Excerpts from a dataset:
★ ★ ★ ★ ★ ★ ★
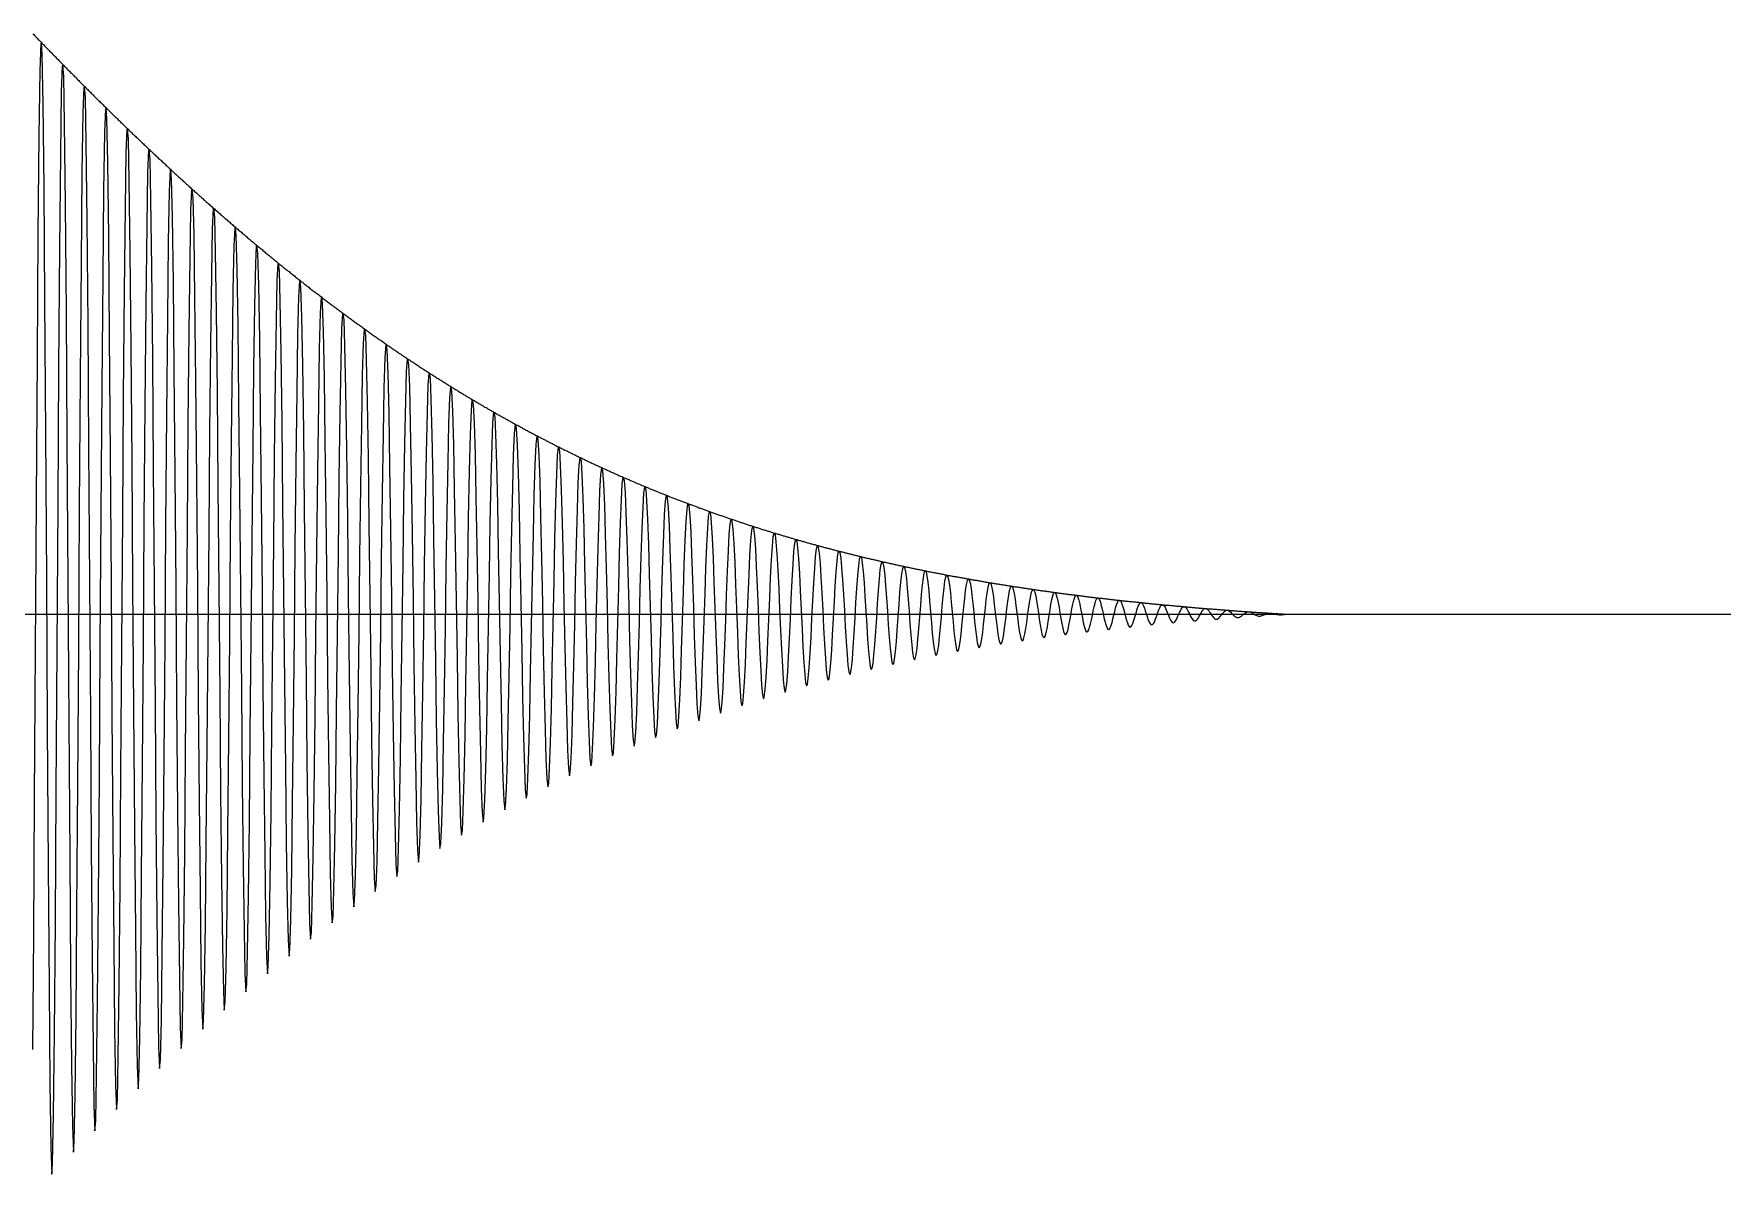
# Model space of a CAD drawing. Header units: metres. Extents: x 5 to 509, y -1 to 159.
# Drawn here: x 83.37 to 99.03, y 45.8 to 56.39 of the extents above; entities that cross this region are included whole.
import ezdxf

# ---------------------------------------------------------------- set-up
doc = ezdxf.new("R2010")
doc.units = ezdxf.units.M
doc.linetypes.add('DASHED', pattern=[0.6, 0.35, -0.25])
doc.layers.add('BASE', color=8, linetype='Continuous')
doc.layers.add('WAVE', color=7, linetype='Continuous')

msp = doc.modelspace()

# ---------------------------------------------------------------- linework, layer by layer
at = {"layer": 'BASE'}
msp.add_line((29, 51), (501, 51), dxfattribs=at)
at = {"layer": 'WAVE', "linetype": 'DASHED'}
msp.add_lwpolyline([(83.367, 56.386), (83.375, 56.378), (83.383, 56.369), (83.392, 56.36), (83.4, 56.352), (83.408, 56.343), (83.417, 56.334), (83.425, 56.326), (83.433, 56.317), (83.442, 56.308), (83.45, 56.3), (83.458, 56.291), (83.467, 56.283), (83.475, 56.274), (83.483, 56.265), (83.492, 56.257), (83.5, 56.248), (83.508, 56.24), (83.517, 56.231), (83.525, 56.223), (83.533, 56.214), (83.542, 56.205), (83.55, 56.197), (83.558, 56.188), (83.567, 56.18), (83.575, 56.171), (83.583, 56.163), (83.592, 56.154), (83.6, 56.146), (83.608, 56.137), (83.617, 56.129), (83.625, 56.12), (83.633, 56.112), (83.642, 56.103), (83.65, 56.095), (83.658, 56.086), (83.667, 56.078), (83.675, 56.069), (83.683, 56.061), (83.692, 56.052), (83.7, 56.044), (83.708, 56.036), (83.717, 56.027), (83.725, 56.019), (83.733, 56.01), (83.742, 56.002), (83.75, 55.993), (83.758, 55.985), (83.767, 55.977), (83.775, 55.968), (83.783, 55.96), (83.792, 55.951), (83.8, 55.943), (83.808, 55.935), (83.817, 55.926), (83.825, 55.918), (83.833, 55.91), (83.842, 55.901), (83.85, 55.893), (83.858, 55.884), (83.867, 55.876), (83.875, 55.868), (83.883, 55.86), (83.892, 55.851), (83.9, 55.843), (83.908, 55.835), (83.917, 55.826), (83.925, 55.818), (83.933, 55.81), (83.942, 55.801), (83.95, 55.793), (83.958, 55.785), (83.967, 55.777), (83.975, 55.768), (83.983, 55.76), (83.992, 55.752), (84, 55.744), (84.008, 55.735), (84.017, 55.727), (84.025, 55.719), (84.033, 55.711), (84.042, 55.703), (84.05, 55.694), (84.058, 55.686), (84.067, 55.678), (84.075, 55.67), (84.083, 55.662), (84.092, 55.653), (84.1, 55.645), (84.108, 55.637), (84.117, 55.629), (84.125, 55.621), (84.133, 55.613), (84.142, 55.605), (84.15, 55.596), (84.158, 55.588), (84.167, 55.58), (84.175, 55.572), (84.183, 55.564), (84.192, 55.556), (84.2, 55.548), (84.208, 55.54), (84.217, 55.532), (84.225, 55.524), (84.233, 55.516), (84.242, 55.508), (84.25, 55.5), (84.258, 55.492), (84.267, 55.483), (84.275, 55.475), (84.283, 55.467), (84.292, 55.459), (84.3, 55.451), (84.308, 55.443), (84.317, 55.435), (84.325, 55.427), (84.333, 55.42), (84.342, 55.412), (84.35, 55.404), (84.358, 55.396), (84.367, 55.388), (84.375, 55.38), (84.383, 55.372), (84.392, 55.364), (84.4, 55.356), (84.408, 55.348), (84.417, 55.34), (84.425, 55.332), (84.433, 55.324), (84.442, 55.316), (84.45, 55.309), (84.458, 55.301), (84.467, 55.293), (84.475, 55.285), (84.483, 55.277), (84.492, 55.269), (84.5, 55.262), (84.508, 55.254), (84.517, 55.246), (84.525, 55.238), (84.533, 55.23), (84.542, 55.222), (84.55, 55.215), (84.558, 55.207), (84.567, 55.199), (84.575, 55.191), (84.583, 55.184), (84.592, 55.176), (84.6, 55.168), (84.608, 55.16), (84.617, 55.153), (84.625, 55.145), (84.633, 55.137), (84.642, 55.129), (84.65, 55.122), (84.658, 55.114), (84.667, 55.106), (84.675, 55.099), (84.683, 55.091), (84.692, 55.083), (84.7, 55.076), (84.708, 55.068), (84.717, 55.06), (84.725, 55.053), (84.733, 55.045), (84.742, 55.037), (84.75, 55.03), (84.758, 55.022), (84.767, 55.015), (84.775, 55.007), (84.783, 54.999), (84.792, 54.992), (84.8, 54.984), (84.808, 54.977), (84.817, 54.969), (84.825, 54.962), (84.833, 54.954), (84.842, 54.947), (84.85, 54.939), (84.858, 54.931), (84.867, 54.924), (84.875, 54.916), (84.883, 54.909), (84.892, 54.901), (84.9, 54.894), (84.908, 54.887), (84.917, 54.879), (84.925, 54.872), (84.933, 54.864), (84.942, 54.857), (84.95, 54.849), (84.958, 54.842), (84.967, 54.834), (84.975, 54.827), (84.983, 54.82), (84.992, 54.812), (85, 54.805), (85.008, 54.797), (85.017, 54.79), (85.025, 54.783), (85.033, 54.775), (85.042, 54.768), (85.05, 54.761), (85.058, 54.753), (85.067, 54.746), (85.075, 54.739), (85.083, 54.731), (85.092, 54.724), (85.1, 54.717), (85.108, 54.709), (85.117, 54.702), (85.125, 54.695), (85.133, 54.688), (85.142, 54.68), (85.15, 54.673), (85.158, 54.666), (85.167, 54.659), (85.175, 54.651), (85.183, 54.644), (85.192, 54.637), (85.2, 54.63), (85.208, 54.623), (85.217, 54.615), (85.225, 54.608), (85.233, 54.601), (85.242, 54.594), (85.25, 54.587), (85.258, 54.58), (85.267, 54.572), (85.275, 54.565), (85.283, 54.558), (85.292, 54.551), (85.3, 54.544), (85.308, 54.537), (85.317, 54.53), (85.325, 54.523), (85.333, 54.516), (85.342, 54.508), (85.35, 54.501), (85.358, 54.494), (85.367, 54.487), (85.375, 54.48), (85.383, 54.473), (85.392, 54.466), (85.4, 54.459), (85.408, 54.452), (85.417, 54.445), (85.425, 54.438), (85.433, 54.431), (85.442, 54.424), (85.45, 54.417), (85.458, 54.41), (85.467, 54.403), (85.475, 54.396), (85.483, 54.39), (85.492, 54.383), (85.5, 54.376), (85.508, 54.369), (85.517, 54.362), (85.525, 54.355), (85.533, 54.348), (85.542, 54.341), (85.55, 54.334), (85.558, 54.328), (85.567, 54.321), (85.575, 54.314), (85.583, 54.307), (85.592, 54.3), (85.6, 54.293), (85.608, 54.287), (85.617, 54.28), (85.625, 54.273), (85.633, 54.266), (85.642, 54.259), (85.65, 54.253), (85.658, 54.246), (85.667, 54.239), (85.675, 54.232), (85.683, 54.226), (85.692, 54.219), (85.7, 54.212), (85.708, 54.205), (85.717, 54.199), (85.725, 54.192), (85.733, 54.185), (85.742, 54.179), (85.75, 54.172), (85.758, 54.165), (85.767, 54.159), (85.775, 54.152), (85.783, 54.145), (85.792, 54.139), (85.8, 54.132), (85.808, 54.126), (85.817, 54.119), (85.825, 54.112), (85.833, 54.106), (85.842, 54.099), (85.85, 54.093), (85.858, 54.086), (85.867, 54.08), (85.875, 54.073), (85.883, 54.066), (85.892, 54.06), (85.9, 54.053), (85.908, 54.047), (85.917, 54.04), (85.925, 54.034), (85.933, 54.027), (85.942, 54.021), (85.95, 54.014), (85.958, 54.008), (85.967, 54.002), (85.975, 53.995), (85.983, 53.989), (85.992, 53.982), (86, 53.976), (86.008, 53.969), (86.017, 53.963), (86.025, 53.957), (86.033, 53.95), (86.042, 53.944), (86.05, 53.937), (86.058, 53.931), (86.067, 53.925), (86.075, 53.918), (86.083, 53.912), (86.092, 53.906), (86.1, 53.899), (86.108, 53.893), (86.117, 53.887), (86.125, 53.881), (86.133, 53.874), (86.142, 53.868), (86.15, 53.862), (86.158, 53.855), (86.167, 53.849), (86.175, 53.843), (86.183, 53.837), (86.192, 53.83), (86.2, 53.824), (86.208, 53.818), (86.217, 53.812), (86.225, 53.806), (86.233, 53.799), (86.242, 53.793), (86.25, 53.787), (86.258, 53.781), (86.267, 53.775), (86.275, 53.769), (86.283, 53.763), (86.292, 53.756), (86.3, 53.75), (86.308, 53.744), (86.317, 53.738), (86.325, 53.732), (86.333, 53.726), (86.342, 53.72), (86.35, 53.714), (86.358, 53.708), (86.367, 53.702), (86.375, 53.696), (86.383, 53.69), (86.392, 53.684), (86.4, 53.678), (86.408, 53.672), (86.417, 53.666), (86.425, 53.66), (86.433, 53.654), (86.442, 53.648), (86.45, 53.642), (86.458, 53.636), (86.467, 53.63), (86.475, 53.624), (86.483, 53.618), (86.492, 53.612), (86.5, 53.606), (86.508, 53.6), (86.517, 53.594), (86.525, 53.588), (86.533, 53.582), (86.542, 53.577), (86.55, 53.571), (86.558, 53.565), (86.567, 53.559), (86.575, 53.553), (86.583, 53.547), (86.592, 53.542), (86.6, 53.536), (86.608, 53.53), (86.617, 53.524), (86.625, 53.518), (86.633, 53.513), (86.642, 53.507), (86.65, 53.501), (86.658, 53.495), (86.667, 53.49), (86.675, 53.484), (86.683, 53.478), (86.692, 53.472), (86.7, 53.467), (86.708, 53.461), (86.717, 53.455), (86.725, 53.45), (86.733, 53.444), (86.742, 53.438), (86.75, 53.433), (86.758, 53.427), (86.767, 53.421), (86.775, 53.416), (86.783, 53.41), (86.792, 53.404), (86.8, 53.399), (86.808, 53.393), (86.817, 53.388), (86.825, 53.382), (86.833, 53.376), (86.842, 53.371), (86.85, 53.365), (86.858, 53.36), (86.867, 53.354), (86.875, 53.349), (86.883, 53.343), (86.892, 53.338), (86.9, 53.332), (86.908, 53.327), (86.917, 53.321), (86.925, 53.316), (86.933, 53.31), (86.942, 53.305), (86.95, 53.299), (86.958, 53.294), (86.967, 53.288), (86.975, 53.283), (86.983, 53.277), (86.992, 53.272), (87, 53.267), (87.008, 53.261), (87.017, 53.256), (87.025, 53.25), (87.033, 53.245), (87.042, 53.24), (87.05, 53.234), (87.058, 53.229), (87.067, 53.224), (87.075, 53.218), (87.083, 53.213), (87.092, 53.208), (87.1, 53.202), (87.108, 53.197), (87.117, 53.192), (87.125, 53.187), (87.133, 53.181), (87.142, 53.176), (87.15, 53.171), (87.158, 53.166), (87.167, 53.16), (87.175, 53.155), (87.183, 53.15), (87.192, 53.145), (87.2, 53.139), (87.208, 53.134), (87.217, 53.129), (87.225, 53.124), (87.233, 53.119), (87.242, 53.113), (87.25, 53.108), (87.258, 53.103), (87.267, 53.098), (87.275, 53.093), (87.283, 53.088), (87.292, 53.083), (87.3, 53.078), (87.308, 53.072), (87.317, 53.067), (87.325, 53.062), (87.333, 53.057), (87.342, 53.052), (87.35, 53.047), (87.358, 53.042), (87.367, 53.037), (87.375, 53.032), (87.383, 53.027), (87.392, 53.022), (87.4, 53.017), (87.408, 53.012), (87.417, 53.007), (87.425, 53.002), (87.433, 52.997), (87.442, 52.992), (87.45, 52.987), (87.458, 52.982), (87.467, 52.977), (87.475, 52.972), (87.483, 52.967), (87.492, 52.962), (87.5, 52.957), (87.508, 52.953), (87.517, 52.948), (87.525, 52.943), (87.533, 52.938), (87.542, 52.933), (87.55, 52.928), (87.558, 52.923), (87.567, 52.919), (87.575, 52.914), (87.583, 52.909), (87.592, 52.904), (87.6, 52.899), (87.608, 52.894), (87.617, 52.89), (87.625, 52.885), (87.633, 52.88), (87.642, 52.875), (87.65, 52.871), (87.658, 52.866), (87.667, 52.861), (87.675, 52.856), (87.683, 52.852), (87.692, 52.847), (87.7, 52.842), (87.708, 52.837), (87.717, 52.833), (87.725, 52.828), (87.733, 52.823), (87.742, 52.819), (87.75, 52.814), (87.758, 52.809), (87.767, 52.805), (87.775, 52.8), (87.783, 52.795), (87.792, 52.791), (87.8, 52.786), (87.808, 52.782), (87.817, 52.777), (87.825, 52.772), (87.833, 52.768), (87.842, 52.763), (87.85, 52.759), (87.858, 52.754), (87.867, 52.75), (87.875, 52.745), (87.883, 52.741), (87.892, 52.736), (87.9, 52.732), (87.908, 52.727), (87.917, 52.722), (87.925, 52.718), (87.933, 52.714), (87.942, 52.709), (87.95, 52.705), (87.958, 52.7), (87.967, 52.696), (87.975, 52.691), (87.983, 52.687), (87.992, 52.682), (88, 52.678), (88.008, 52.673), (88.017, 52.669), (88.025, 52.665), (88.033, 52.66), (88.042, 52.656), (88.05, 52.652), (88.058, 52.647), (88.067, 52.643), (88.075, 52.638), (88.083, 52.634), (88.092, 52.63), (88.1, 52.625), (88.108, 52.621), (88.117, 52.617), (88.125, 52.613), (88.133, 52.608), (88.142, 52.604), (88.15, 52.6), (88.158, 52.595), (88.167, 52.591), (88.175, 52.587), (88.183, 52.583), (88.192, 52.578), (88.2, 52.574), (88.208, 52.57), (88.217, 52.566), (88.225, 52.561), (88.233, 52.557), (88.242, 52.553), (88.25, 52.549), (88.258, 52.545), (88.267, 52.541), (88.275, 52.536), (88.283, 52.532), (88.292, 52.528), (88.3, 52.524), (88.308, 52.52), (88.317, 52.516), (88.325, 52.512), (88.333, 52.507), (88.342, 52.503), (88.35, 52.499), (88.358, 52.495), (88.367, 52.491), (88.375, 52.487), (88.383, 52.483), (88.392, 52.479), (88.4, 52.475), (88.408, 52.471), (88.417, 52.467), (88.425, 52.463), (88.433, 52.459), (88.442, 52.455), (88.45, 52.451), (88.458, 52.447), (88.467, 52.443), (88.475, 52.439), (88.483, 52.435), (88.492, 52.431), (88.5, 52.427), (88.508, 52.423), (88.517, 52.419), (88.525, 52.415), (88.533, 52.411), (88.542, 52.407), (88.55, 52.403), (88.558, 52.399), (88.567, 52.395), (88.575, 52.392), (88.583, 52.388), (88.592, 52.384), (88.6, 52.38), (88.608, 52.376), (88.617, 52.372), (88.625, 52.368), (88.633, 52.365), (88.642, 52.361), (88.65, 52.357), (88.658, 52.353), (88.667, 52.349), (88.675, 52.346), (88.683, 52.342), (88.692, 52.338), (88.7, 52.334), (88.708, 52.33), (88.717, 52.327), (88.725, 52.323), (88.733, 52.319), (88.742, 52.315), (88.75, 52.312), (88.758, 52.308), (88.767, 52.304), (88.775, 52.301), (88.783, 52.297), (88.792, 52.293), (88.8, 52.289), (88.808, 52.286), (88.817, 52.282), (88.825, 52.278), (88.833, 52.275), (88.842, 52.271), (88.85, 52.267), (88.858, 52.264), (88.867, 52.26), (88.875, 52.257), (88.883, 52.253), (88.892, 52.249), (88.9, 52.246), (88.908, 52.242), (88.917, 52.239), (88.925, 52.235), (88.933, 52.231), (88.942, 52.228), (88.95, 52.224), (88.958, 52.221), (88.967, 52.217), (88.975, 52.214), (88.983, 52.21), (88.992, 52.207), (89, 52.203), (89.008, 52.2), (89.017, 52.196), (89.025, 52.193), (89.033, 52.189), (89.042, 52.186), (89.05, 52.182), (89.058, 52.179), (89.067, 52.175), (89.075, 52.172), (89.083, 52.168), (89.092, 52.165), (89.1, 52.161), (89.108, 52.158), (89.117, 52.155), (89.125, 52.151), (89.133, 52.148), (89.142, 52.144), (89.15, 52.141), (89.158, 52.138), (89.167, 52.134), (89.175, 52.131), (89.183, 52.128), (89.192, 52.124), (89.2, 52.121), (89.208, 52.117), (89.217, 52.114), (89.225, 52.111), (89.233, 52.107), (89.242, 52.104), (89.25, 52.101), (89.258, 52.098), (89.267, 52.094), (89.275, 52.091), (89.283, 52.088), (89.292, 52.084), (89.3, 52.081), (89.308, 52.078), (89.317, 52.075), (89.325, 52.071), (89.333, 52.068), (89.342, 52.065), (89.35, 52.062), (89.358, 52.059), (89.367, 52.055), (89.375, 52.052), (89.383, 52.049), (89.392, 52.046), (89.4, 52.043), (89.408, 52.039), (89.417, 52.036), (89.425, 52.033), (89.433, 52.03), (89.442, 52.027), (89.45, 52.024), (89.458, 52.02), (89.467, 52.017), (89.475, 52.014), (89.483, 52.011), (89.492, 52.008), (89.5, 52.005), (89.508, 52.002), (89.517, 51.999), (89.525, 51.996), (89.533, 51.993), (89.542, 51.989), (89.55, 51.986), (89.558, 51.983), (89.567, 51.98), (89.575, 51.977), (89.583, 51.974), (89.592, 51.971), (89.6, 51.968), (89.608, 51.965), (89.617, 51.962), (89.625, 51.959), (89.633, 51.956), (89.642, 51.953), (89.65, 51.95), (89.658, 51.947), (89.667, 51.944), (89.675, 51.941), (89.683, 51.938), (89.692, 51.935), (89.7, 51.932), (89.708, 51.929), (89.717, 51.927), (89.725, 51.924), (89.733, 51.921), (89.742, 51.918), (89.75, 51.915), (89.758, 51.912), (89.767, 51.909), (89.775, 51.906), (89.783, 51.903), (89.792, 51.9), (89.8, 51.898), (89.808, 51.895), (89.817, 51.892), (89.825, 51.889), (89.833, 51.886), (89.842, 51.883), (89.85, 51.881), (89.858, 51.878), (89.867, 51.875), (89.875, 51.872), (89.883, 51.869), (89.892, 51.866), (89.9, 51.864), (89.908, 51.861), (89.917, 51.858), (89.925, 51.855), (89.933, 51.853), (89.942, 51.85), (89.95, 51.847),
★ ★ ★ ★ ★ ★ ★
Task item: Lines in the records that hold the word "DASHED" are to be counted; give only the total.

Answer to this problem: 2